• Description of the task
Using the listing below, set down each line from the line containing "oval 0.25x0.8 smd: 9(0.75,-4.25)" through the line containing "lines w0.1: -0.65,-4.9", both ends included, exactly and with nothing added.

• Source data
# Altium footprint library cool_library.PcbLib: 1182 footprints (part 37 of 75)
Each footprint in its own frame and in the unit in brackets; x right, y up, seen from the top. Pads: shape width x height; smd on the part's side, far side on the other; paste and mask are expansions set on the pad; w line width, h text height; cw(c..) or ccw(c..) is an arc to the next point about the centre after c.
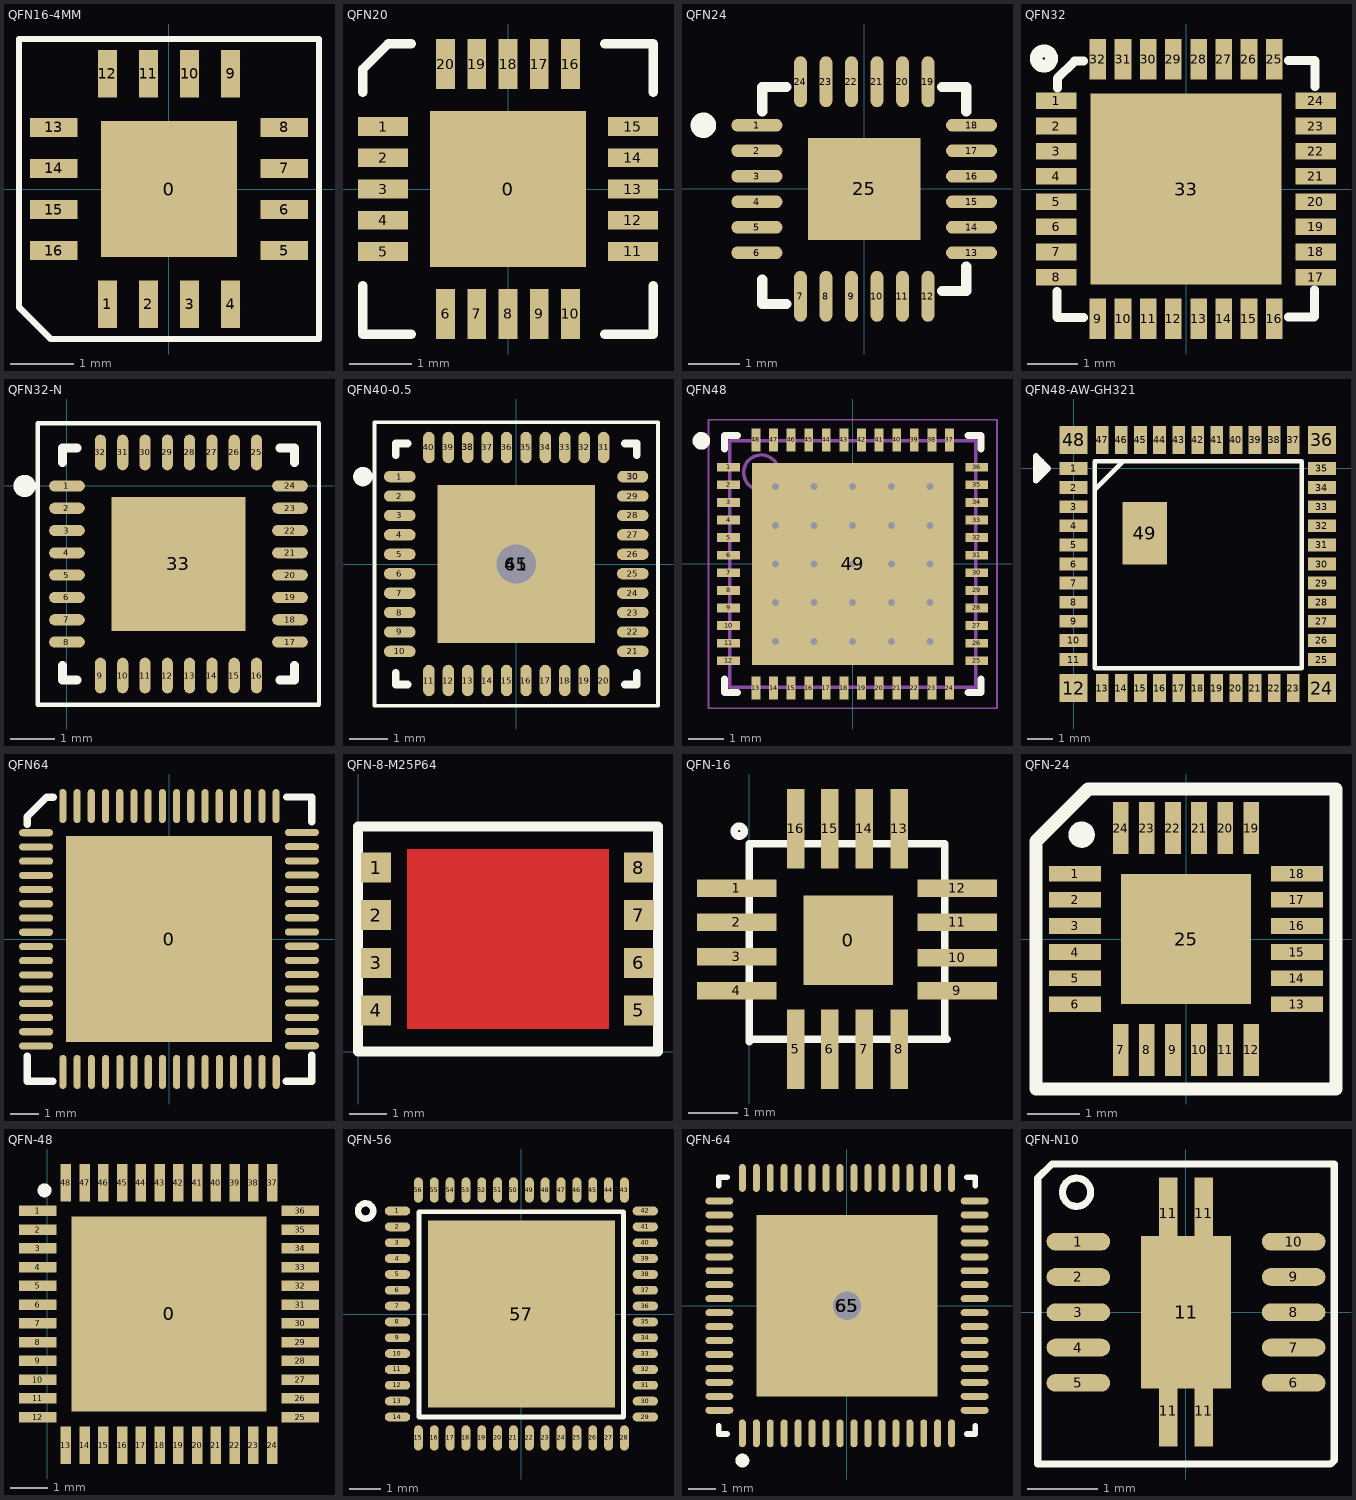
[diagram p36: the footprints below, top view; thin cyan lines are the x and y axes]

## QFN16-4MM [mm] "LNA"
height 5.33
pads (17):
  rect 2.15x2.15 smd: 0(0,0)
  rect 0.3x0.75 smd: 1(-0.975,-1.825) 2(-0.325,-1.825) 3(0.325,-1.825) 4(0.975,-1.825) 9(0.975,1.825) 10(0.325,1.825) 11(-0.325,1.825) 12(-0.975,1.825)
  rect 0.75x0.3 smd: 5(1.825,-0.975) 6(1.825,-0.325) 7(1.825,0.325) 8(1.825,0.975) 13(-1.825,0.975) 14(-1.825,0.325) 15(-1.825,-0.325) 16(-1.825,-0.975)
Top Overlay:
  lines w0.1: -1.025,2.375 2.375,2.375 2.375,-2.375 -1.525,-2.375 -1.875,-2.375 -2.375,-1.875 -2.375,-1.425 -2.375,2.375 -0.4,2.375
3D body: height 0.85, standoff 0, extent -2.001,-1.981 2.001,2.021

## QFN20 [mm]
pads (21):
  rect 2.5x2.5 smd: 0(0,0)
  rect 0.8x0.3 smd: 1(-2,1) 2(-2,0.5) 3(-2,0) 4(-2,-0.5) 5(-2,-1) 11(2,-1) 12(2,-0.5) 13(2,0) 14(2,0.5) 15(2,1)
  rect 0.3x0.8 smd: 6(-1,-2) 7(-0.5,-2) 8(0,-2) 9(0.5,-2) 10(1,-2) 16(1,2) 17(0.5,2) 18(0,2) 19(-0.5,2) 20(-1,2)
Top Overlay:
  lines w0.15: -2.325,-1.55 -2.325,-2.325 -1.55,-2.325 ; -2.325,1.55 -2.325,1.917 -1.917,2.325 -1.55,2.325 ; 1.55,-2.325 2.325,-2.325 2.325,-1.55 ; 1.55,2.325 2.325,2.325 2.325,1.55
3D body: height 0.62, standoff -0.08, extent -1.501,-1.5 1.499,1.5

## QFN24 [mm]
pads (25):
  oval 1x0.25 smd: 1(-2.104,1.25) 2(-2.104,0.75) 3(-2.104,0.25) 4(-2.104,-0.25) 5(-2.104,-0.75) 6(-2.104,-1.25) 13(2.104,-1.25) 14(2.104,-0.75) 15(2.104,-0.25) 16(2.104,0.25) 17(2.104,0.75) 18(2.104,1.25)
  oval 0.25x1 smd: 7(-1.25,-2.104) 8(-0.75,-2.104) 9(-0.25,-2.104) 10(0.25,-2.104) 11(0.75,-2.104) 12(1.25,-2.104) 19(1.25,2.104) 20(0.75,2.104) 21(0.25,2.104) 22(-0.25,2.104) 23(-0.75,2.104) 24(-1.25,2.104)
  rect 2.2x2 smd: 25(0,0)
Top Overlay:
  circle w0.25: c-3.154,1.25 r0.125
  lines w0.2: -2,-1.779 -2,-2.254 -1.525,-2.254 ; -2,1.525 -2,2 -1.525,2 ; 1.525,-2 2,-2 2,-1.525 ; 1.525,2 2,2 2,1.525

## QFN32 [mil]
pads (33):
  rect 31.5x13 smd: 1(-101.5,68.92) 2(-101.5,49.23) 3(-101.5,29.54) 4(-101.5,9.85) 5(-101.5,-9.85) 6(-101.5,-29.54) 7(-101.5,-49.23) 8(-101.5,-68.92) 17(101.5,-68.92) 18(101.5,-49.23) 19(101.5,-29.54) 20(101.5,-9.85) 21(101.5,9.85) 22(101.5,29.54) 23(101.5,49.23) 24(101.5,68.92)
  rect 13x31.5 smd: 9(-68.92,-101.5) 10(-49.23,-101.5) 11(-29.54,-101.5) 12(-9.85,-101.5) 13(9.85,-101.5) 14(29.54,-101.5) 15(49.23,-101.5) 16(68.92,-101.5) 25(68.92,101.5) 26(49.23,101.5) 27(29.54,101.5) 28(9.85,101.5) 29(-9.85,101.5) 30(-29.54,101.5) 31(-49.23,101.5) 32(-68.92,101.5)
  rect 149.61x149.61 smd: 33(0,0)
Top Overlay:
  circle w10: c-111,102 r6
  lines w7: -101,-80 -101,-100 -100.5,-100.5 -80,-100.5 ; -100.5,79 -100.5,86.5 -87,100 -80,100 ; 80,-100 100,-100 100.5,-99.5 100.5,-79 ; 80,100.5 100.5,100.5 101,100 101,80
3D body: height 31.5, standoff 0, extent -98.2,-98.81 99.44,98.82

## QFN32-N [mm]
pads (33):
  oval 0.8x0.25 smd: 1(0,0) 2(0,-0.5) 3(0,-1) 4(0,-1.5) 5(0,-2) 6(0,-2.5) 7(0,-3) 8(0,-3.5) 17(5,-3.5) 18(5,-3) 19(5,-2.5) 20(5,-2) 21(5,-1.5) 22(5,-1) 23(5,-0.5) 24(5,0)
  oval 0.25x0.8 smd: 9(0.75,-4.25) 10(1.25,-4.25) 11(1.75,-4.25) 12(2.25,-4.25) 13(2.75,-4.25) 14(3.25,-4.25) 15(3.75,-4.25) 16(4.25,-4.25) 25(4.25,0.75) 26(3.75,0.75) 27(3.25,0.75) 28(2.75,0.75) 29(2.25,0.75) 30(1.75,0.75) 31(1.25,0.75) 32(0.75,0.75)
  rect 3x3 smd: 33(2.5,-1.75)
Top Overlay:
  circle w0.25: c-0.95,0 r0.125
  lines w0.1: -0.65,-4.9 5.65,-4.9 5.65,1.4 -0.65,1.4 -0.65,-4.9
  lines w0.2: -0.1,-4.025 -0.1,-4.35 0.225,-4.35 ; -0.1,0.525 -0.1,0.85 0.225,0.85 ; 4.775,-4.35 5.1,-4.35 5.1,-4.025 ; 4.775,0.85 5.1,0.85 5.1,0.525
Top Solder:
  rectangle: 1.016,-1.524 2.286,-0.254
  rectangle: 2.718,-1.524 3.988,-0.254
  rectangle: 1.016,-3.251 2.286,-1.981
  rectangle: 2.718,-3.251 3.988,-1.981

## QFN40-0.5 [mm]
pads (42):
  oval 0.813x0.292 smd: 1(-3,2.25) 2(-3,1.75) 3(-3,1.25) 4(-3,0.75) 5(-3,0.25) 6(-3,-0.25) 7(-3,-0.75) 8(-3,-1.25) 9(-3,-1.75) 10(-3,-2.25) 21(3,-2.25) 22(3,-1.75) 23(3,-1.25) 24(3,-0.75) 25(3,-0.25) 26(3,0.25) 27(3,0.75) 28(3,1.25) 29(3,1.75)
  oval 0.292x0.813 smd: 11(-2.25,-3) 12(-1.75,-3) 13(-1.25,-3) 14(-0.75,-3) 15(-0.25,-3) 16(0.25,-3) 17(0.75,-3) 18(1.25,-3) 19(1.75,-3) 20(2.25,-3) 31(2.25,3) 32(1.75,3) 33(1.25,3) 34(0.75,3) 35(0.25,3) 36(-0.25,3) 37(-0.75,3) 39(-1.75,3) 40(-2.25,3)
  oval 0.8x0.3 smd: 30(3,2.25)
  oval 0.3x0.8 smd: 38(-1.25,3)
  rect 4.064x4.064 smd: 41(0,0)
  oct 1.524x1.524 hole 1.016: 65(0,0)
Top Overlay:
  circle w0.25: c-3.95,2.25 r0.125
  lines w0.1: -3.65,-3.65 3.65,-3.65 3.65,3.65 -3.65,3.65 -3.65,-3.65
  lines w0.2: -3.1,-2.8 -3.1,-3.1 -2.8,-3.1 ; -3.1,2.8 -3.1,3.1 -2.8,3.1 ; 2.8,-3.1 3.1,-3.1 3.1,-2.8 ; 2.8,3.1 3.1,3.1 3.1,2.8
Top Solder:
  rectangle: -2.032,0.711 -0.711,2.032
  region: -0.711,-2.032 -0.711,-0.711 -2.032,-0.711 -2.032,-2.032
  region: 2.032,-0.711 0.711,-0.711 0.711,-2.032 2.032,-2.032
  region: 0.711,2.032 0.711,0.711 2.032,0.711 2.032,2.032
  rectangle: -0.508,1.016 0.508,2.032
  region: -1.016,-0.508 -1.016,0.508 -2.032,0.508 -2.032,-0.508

• Result of the exercise
  oval 0.25x0.8 smd: 9(0.75,-4.25) 10(1.25,-4.25) 11(1.75,-4.25) 12(2.25,-4.25) 13(2.75,-4.25) 14(3.25,-4.25) 15(3.75,-4.25) 16(4.25,-4.25) 25(4.25,0.75) 26(3.75,0.75) 27(3.25,0.75) 28(2.75,0.75) 29(2.25,0.75) 30(1.75,0.75) 31(1.25,0.75) 32(0.75,0.75)
  rect 3x3 smd: 33(2.5,-1.75)
Top Overlay:
  circle w0.25: c-0.95,0 r0.125
  lines w0.1: -0.65,-4.9 5.65,-4.9 5.65,1.4 -0.65,1.4 -0.65,-4.9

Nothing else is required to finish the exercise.